## [TRY IT]
From the records below, output exactly the lines running from the line containing "#239=CARTESIAN_POINT('',(-3.975,4.045,1.8));" through the line containing "#249=FACE_BOUND('',#248,.T.);", and no others.

-------------------------

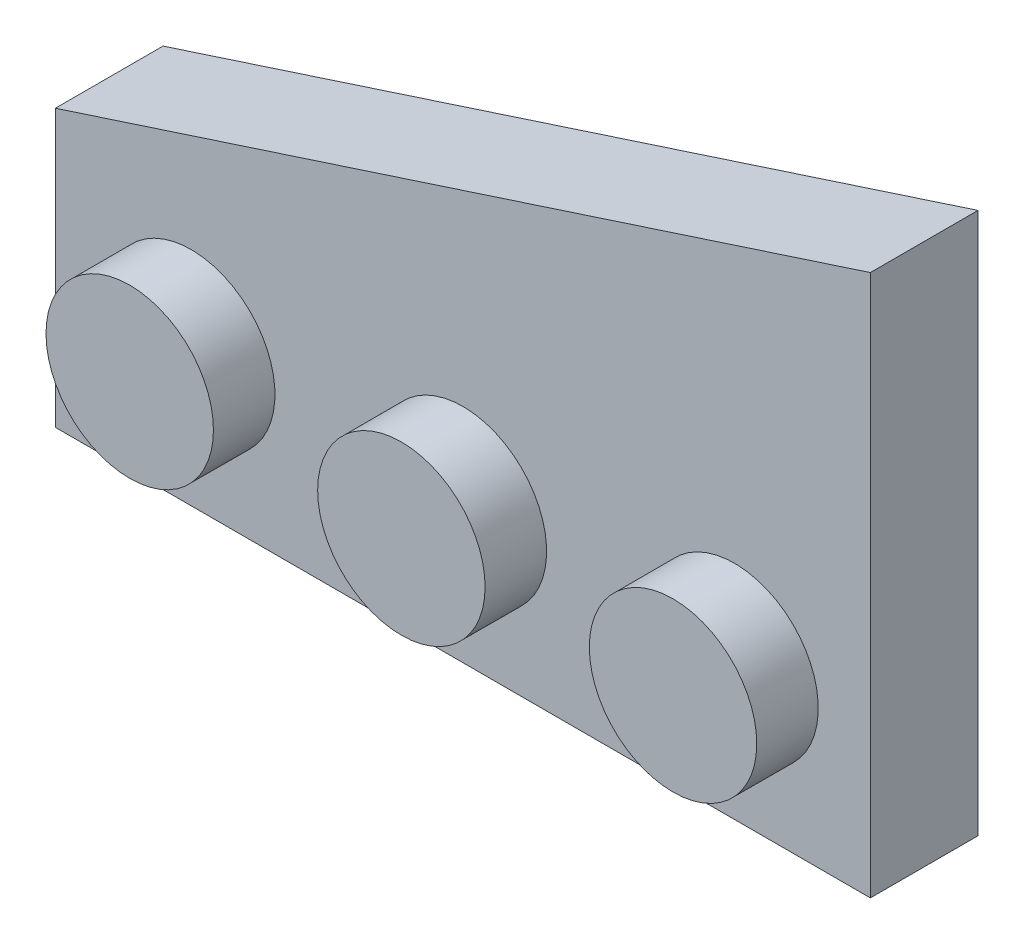
ISO-10303-21;
HEADER;
FILE_DESCRIPTION(('STEP AP214'),'2;1');
FILE_NAME('part.step','',(''),(''),'','','');
FILE_SCHEMA(('AUTOMOTIVE_DESIGN { 1 0 10303 214 1 1 1 1 }'));
ENDSEC;
DATA;
#1=APPLICATION_CONTEXT('core data for automotive mechanical design processes');
#2=APPLICATION_PROTOCOL_DEFINITION('international standard','automotive_design',2000,#1);
#3=PRODUCT_CONTEXT('',#1,'mechanical');
#4=PRODUCT('Part','Part','',(#3));
#5=PRODUCT_RELATED_PRODUCT_CATEGORY('part','',(#4));
#6=PRODUCT_DEFINITION_FORMATION('','',#4);
#7=PRODUCT_DEFINITION_CONTEXT('part definition',#1,'design');
#8=PRODUCT_DEFINITION('design','',#6,#7);
#9=PRODUCT_DEFINITION_SHAPE('','',#8);
#10=(LENGTH_UNIT() NAMED_UNIT(*) SI_UNIT(.MILLI.,.METRE.));
#11=(NAMED_UNIT(*) PLANE_ANGLE_UNIT() SI_UNIT($,.RADIAN.));
#12=(NAMED_UNIT(*) SI_UNIT($,.STERADIAN.) SOLID_ANGLE_UNIT());
#13=UNCERTAINTY_MEASURE_WITH_UNIT(LENGTH_MEASURE(1.E-05),#10,'distance_accuracy_value','');
#14=(GEOMETRIC_REPRESENTATION_CONTEXT(3) GLOBAL_UNCERTAINTY_ASSIGNED_CONTEXT((#13)) GLOBAL_UNIT_ASSIGNED_CONTEXT((#10,
#11,#12)) REPRESENTATION_CONTEXT('',''));
#15=CARTESIAN_POINT('',(0.,0.,0.));
#16=DIRECTION('',(0.,0.,1.));
#17=DIRECTION('',(1.,0.,0.));
#18=AXIS2_PLACEMENT_3D('',#15,#16,#17);
#19=CARTESIAN_POINT('',(0.,0.,-3.15));
#20=DIRECTION('',(0.,0.,-1.));
#21=DIRECTION('',(-1.,0.,0.));
#22=AXIS2_PLACEMENT_3D('',#19,#20,#21);
#23=PLANE('',#22);
#24=DIRECTION('',(-0.950931464321249,-0.309401600131358,0.));
#25=VECTOR('',#24,1.);
#26=CARTESIAN_POINT('',(-23.85,8.09,-3.15));
#27=LINE('',#26,#25);
#28=CARTESIAN_POINT('',(0.,15.85,-3.15));
#29=VERTEX_POINT('',#28);
#30=CARTESIAN_POINT('',(-23.85,8.09,-3.15));
#31=VERTEX_POINT('',#30);
#32=EDGE_CURVE('E175',#29,#31,#27,.T.);
#33=ORIENTED_EDGE('',*,*,#32,.F.);
#34=DIRECTION('',(0.,1.,0.));
#35=VECTOR('',#34,1.);
#36=CARTESIAN_POINT('',(0.,15.85,-3.15));
#37=LINE('',#36,#35);
#38=CARTESIAN_POINT('',(0.,0.,-3.15));
#39=VERTEX_POINT('',#38);
#40=EDGE_CURVE('E183',#39,#29,#37,.T.);
#41=ORIENTED_EDGE('',*,*,#40,.F.);
#42=DIRECTION('',(1.,0.,0.));
#43=VECTOR('',#42,1.);
#44=CARTESIAN_POINT('',(0.,0.,-3.15));
#45=LINE('',#44,#43);
#46=CARTESIAN_POINT('',(-23.85,0.,-3.15));
#47=VERTEX_POINT('',#46);
#48=EDGE_CURVE('E180',#47,#39,#45,.T.);
#49=ORIENTED_EDGE('',*,*,#48,.F.);
#50=DIRECTION('',(0.,-1.,0.));
#51=VECTOR('',#50,1.);
#52=CARTESIAN_POINT('',(-23.85,0.,-3.15));
#53=LINE('',#52,#51);
#54=EDGE_CURVE('E177',#31,#47,#53,.T.);
#55=ORIENTED_EDGE('',*,*,#54,.F.);
#56=EDGE_LOOP('',(#33,#41,#49,#55));
#57=FACE_BOUND('',#56,.T.);
#58=DIRECTION('',(0.,1.,0.));
#59=VECTOR('',#58,1.);
#60=CARTESIAN_POINT('',(-1.5,15.85,-3.15));
#61=LINE('',#60,#59);
#62=CARTESIAN_POINT('',(-1.5,1.5,-3.15));
#63=VERTEX_POINT('',#62);
#64=CARTESIAN_POINT('',(-1.5,13.7845489408125,-3.15));
#65=VERTEX_POINT('',#64);
#66=EDGE_CURVE('E161',#63,#65,#61,.T.);
#67=ORIENTED_EDGE('',*,*,#66,.T.);
#68=DIRECTION('',(-0.950931464321249,-0.309401600131358,0.));
#69=VECTOR('',#68,1.);
#70=CARTESIAN_POINT('',(-23.385897599803,6.66360280351812,-3.15));
#71=LINE('',#70,#69);
#72=CARTESIAN_POINT('',(-22.35,7.00064956974332,-3.15));
#73=VERTEX_POINT('',#72);
#74=EDGE_CURVE('E112',#65,#73,#71,.T.);
#75=ORIENTED_EDGE('',*,*,#74,.T.);
#76=DIRECTION('',(0.,-1.,0.));
#77=VECTOR('',#76,1.);
#78=CARTESIAN_POINT('',(-22.35,0.,-3.15));
#79=LINE('',#78,#77);
#80=CARTESIAN_POINT('',(-22.35,1.5,-3.15));
#81=VERTEX_POINT('',#80);
#82=EDGE_CURVE('E134',#73,#81,#79,.T.);
#83=ORIENTED_EDGE('',*,*,#82,.T.);
#84=DIRECTION('',(1.,0.,0.));
#85=VECTOR('',#84,1.);
#86=CARTESIAN_POINT('',(0.,1.5,-3.15));
#87=LINE('',#86,#85);
#88=EDGE_CURVE('E48',#81,#63,#87,.T.);
#89=ORIENTED_EDGE('',*,*,#88,.T.);
#90=EDGE_LOOP('',(#67,#75,#83,#89));
#91=FACE_BOUND('',#90,.T.);
#92=ADVANCED_FACE('F33',(#57,#91),#23,.T.);
#93=CARTESIAN_POINT('',(-23.85,8.09,-3.15));
#94=DIRECTION('',(-0.309401600131358,0.950931464321249,0.));
#95=DIRECTION('',(-0.950931464321249,-0.309401600131358,0.));
#96=AXIS2_PLACEMENT_3D('',#93,#94,#95);
#97=PLANE('',#96);
#98=DIRECTION('',(-0.950931464321249,-0.309401600131358,0.));
#99=VECTOR('',#98,1.);
#100=CARTESIAN_POINT('',(-23.85,8.09,0.));
#101=LINE('',#100,#99);
#102=CARTESIAN_POINT('',(0.,15.85,0.));
#103=VERTEX_POINT('',#102);
#104=CARTESIAN_POINT('',(-23.85,8.09,0.));
#105=VERTEX_POINT('',#104);
#106=EDGE_CURVE('E174',#103,#105,#101,.T.);
#107=ORIENTED_EDGE('',*,*,#106,.F.);
#108=DIRECTION('',(0.,0.,1.));
#109=VECTOR('',#108,1.);
#110=CARTESIAN_POINT('',(0.,15.85,-3.15));
#111=LINE('',#110,#109);
#112=EDGE_CURVE('E57',#29,#103,#111,.T.);
#113=ORIENTED_EDGE('',*,*,#112,.F.);
#114=ORIENTED_EDGE('',*,*,#32,.T.);
#115=DIRECTION('',(0.,0.,1.));
#116=VECTOR('',#115,1.);
#117=CARTESIAN_POINT('',(-23.85,8.09,-3.15));
#118=LINE('',#117,#116);
#119=EDGE_CURVE('E83',#31,#105,#118,.T.);
#120=ORIENTED_EDGE('',*,*,#119,.T.);
#121=EDGE_LOOP('',(#107,#113,#114,#120));
#122=FACE_BOUND('',#121,.T.);
#123=ADVANCED_FACE('F35',(#122),#97,.T.);
#124=CARTESIAN_POINT('',(0.,15.85,-3.15));
#125=DIRECTION('',(1.,0.,0.));
#126=DIRECTION('',(0.,1.,0.));
#127=AXIS2_PLACEMENT_3D('',#124,#125,#126);
#128=PLANE('',#127);
#129=DIRECTION('',(0.,1.,0.));
#130=VECTOR('',#129,1.);
#131=CARTESIAN_POINT('',(0.,15.85,0.));
#132=LINE('',#131,#130);
#133=CARTESIAN_POINT('',(0.,0.,0.));
#134=VERTEX_POINT('',#133);
#135=EDGE_CURVE('E178',#134,#103,#132,.T.);
#136=ORIENTED_EDGE('',*,*,#135,.F.);
#137=DIRECTION('',(0.,0.,1.));
#138=VECTOR('',#137,1.);
#139=CARTESIAN_POINT('',(0.,0.,-3.15));
#140=LINE('',#139,#138);
#141=EDGE_CURVE('E197',#39,#134,#140,.T.);
#142=ORIENTED_EDGE('',*,*,#141,.F.);
#143=ORIENTED_EDGE('',*,*,#40,.T.);
#144=ORIENTED_EDGE('',*,*,#112,.T.);
#145=EDGE_LOOP('',(#136,#142,#143,#144));
#146=FACE_BOUND('',#145,.T.);
#147=ADVANCED_FACE('F221',(#146),#128,.T.);
#148=CARTESIAN_POINT('',(0.,0.,-3.15));
#149=DIRECTION('',(0.,-1.,0.));
#150=DIRECTION('',(0.,0.,-1.));
#151=AXIS2_PLACEMENT_3D('',#148,#149,#150);
#152=PLANE('',#151);
#153=DIRECTION('',(1.,0.,0.));
#154=VECTOR('',#153,1.);
#155=CARTESIAN_POINT('',(0.,0.,0.));
#156=LINE('',#155,#154);
#157=CARTESIAN_POINT('',(-23.85,0.,0.));
#158=VERTEX_POINT('',#157);
#159=EDGE_CURVE('E190',#158,#134,#156,.T.);
#160=ORIENTED_EDGE('',*,*,#159,.F.);
#161=DIRECTION('',(0.,0.,1.));
#162=VECTOR('',#161,1.);
#163=CARTESIAN_POINT('',(-23.85,0.,-3.15));
#164=LINE('',#163,#162);
#165=EDGE_CURVE('E199',#47,#158,#164,.T.);
#166=ORIENTED_EDGE('',*,*,#165,.F.);
#167=ORIENTED_EDGE('',*,*,#48,.T.);
#168=ORIENTED_EDGE('',*,*,#141,.T.);
#169=EDGE_LOOP('',(#160,#166,#167,#168));
#170=FACE_BOUND('',#169,.T.);
#171=ADVANCED_FACE('F220',(#170),#152,.T.);
#172=CARTESIAN_POINT('',(-23.85,0.,-3.15));
#173=DIRECTION('',(-1.,0.,0.));
#174=DIRECTION('',(0.,-1.,0.));
#175=AXIS2_PLACEMENT_3D('',#172,#173,#174);
#176=PLANE('',#175);
#177=DIRECTION('',(0.,-1.,0.));
#178=VECTOR('',#177,1.);
#179=CARTESIAN_POINT('',(-23.85,0.,0.));
#180=LINE('',#179,#178);
#181=EDGE_CURVE('E187',#105,#158,#180,.T.);
#182=ORIENTED_EDGE('',*,*,#181,.F.);
#183=ORIENTED_EDGE('',*,*,#119,.F.);
#184=ORIENTED_EDGE('',*,*,#54,.T.);
#185=ORIENTED_EDGE('',*,*,#165,.T.);
#186=EDGE_LOOP('',(#182,#183,#184,#185));
#187=FACE_BOUND('',#186,.T.);
#188=ADVANCED_FACE('F212',(#187),#176,.T.);
#189=CARTESIAN_POINT('',(0.,0.,0.));
#190=DIRECTION('',(0.,0.,-1.));
#191=DIRECTION('',(-1.,0.,0.));
#192=AXIS2_PLACEMENT_3D('',#189,#190,#191);
#193=PLANE('',#192);
#194=CARTESIAN_POINT('',(-19.875,4.04499999999989,0.));
#195=DIRECTION('',(0.,0.,-1.));
#196=DIRECTION('',(-1.,0.,0.));
#197=AXIS2_PLACEMENT_3D('',#194,#195,#196);
#198=CIRCLE('',#197,2.45);
#199=CARTESIAN_POINT('',(-22.325,4.04499999999989,0.));
#200=VERTEX_POINT('',#199);
#201=EDGE_CURVE('E11',#200,#200,#198,.F.);
#202=ORIENTED_EDGE('',*,*,#201,.F.);
#203=EDGE_LOOP('',(#202));
#204=FACE_BOUND('',#203,.T.);
#205=CARTESIAN_POINT('',(-11.925,4.04499999999994,0.));
#206=DIRECTION('',(0.,0.,-1.));
#207=DIRECTION('',(-1.,0.,0.));
#208=AXIS2_PLACEMENT_3D('',#205,#206,#207);
#209=CIRCLE('',#208,2.45);
#210=CARTESIAN_POINT('',(-14.375,4.04499999999994,0.));
#211=VERTEX_POINT('',#210);
#212=EDGE_CURVE('E41',#211,#211,#209,.F.);
#213=ORIENTED_EDGE('',*,*,#212,.F.);
#214=EDGE_LOOP('',(#213));
#215=FACE_BOUND('',#214,.T.);
#216=CARTESIAN_POINT('',(-3.975,4.045,0.));
#217=DIRECTION('',(0.,0.,-1.));
#218=DIRECTION('',(-1.,0.,0.));
#219=AXIS2_PLACEMENT_3D('',#216,#217,#218);
#220=CIRCLE('',#219,2.45);
#221=CARTESIAN_POINT('',(-6.425,4.045,0.));
#222=VERTEX_POINT('',#221);
#223=EDGE_CURVE('E196',#222,#222,#220,.F.);
#224=ORIENTED_EDGE('',*,*,#223,.F.);
#225=EDGE_LOOP('',(#224));
#226=FACE_BOUND('',#225,.T.);
#227=ORIENTED_EDGE('',*,*,#106,.T.);
#228=ORIENTED_EDGE('',*,*,#181,.T.);
#229=ORIENTED_EDGE('',*,*,#159,.T.);
#230=ORIENTED_EDGE('',*,*,#135,.T.);
#231=EDGE_LOOP('',(#227,#228,#229,#230));
#232=FACE_BOUND('',#231,.T.);
#233=ADVANCED_FACE('F208',(#204,#215,#226,#232),#193,.F.);
#234=CARTESIAN_POINT('',(-3.975,4.045,1.8));
#235=DIRECTION('',(0.,0.,-1.));
#236=DIRECTION('',(-1.,0.,0.));
#237=AXIS2_PLACEMENT_3D('',#234,#235,#236);
#238=CYLINDRICAL_SURFACE('',#237,2.45);
#239=CARTESIAN_POINT('',(-3.975,4.045,1.8));
#240=DIRECTION('',(0.,0.,1.));
#241=DIRECTION('',(1.,0.,0.));
#242=AXIS2_PLACEMENT_3D('',#239,#240,#241);
#243=CIRCLE('',#242,2.45);
#244=CARTESIAN_POINT('',(-1.525,4.045,1.8));
#245=VERTEX_POINT('',#244);
#246=EDGE_CURVE('E171',#245,#245,#243,.T.);
#247=ORIENTED_EDGE('',*,*,#246,.F.);
#248=EDGE_LOOP('',(#247));
#249=FACE_BOUND('',#248,.T.);
#250=ORIENTED_EDGE('',*,*,#223,.T.);
#251=EDGE_LOOP('',(#250));
#252=FACE_BOUND('',#251,.T.);
#253=ADVANCED_FACE('F211',(#249,#252),#238,.T.);
#254=CARTESIAN_POINT('',(-3.975,4.045,1.8));
#255=DIRECTION('',(0.,0.,1.));
#256=DIRECTION('',(1.,0.,0.));
#257=AXIS2_PLACEMENT_3D('',#254,#255,#256);
#258=PLANE('',#257);
#259=ORIENTED_EDGE('',*,*,#246,.T.);
#260=EDGE_LOOP('',(#259));
#261=FACE_BOUND('',#260,.T.);
#262=ADVANCED_FACE('F282',(#261),#258,.T.);
#263=CARTESIAN_POINT('',(-11.925,4.04499999999994,1.8));
#264=DIRECTION('',(0.,0.,-1.));
#265=DIRECTION('',(-1.,0.,0.));
#266=AXIS2_PLACEMENT_3D('',#263,#264,#265);
#267=CYLINDRICAL_SURFACE('',#266,2.45);
#268=CARTESIAN_POINT('',(-11.925,4.04499999999994,1.8));
#269=DIRECTION('',(0.,0.,1.));
#270=DIRECTION('',(1.,0.,0.));
#271=AXIS2_PLACEMENT_3D('',#268,#269,#270);
#272=CIRCLE('',#271,2.45);
#273=CARTESIAN_POINT('',(-9.475,4.04499999999994,1.8));
#274=VERTEX_POINT('',#273);
#275=EDGE_CURVE('E168',#274,#274,#272,.T.);
#276=ORIENTED_EDGE('',*,*,#275,.F.);
#277=EDGE_LOOP('',(#276));
#278=FACE_BOUND('',#277,.T.);
#279=ORIENTED_EDGE('',*,*,#212,.T.);
#280=EDGE_LOOP('',(#279));
#281=FACE_BOUND('',#280,.T.);
#282=ADVANCED_FACE('F206',(#278,#281),#267,.T.);
#283=CARTESIAN_POINT('',(-11.925,4.04499999999994,1.8));
#284=DIRECTION('',(0.,0.,1.));
#285=DIRECTION('',(1.,0.,0.));
#286=AXIS2_PLACEMENT_3D('',#283,#284,#285);
#287=PLANE('',#286);
#288=ORIENTED_EDGE('',*,*,#275,.T.);
#289=EDGE_LOOP('',(#288));
#290=FACE_BOUND('',#289,.T.);
#291=ADVANCED_FACE('F275',(#290),#287,.T.);
#292=CARTESIAN_POINT('',(-19.875,4.04499999999989,1.8));
#293=DIRECTION('',(0.,0.,-1.));
#294=DIRECTION('',(-1.,0.,0.));
#295=AXIS2_PLACEMENT_3D('',#292,#293,#294);
#296=CYLINDRICAL_SURFACE('',#295,2.45);
#297=CARTESIAN_POINT('',(-19.875,4.04499999999989,1.8));
#298=DIRECTION('',(0.,0.,1.));
#299=DIRECTION('',(1.,0.,0.));
#300=AXIS2_PLACEMENT_3D('',#297,#298,#299);
#301=CIRCLE('',#300,2.45);
#302=CARTESIAN_POINT('',(-17.425,4.04499999999989,1.8));
#303=VERTEX_POINT('',#302);
#304=EDGE_CURVE('E147',#303,#303,#301,.T.);
#305=ORIENTED_EDGE('',*,*,#304,.F.);
#306=EDGE_LOOP('',(#305));
#307=FACE_BOUND('',#306,.T.);
#308=ORIENTED_EDGE('',*,*,#201,.T.);
#309=EDGE_LOOP('',(#308));
#310=FACE_BOUND('',#309,.T.);
#311=ADVANCED_FACE('F271',(#307,#310),#296,.T.);
#312=CARTESIAN_POINT('',(-19.875,4.04499999999989,1.8));
#313=DIRECTION('',(0.,0.,1.));
#314=DIRECTION('',(1.,0.,0.));
#315=AXIS2_PLACEMENT_3D('',#312,#313,#314);
#316=PLANE('',#315);
#317=ORIENTED_EDGE('',*,*,#304,.T.);
#318=EDGE_LOOP('',(#317));
#319=FACE_BOUND('',#318,.T.);
#320=ADVANCED_FACE('F268',(#319),#316,.T.);
#321=CARTESIAN_POINT('',(-23.385897599803,6.66360280351812,-3.15));
#322=DIRECTION('',(-0.309401600131358,0.950931464321249,0.));
#323=DIRECTION('',(-0.950931464321249,-0.309401600131358,0.));
#324=AXIS2_PLACEMENT_3D('',#321,#322,#323);
#325=PLANE('',#324);
#326=DIRECTION('',(-0.950931464321249,-0.309401600131358,0.));
#327=VECTOR('',#326,1.);
#328=CARTESIAN_POINT('',(-23.385897599803,6.66360280351812,-1.5));
#329=LINE('',#328,#327);
#330=CARTESIAN_POINT('',(-1.5,13.7845489408125,-1.5));
#331=VERTEX_POINT('',#330);
#332=CARTESIAN_POINT('',(-22.35,7.00064956974332,-1.5));
#333=VERTEX_POINT('',#332);
#334=EDGE_CURVE('E110',#331,#333,#329,.T.);
#335=ORIENTED_EDGE('',*,*,#334,.T.);
#336=DIRECTION('',(0.,0.,1.));
#337=VECTOR('',#336,1.);
#338=CARTESIAN_POINT('',(-22.35,7.00064956974332,-3.15));
#339=LINE('',#338,#337);
#340=EDGE_CURVE('E139',#73,#333,#339,.T.);
#341=ORIENTED_EDGE('',*,*,#340,.F.);
#342=ORIENTED_EDGE('',*,*,#74,.F.);
#343=DIRECTION('',(0.,0.,1.));
#344=VECTOR('',#343,1.);
#345=CARTESIAN_POINT('',(-1.5,13.7845489408125,-3.15));
#346=LINE('',#345,#344);
#347=EDGE_CURVE('E107',#65,#331,#346,.T.);
#348=ORIENTED_EDGE('',*,*,#347,.T.);
#349=EDGE_LOOP('',(#335,#341,#342,#348));
#350=FACE_BOUND('',#349,.T.);
#351=ADVANCED_FACE('F109',(#350),#325,.F.);
#352=CARTESIAN_POINT('',(-1.5,15.85,-3.15));
#353=DIRECTION('',(1.,0.,0.));
#354=DIRECTION('',(0.,1.,0.));
#355=AXIS2_PLACEMENT_3D('',#352,#353,#354);
#356=PLANE('',#355);
#357=DIRECTION('',(0.,1.,0.));
#358=VECTOR('',#357,1.);
#359=CARTESIAN_POINT('',(-1.5,15.85,-1.5));
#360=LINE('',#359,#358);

-------------------------

## [COMPLETED EXERCISE]
#239=CARTESIAN_POINT('',(-3.975,4.045,1.8));
#240=DIRECTION('',(0.,0.,1.));
#241=DIRECTION('',(1.,0.,0.));
#242=AXIS2_PLACEMENT_3D('',#239,#240,#241);
#243=CIRCLE('',#242,2.45);
#244=CARTESIAN_POINT('',(-1.525,4.045,1.8));
#245=VERTEX_POINT('',#244);
#246=EDGE_CURVE('E171',#245,#245,#243,.T.);
#247=ORIENTED_EDGE('',*,*,#246,.F.);
#248=EDGE_LOOP('',(#247));
#249=FACE_BOUND('',#248,.T.);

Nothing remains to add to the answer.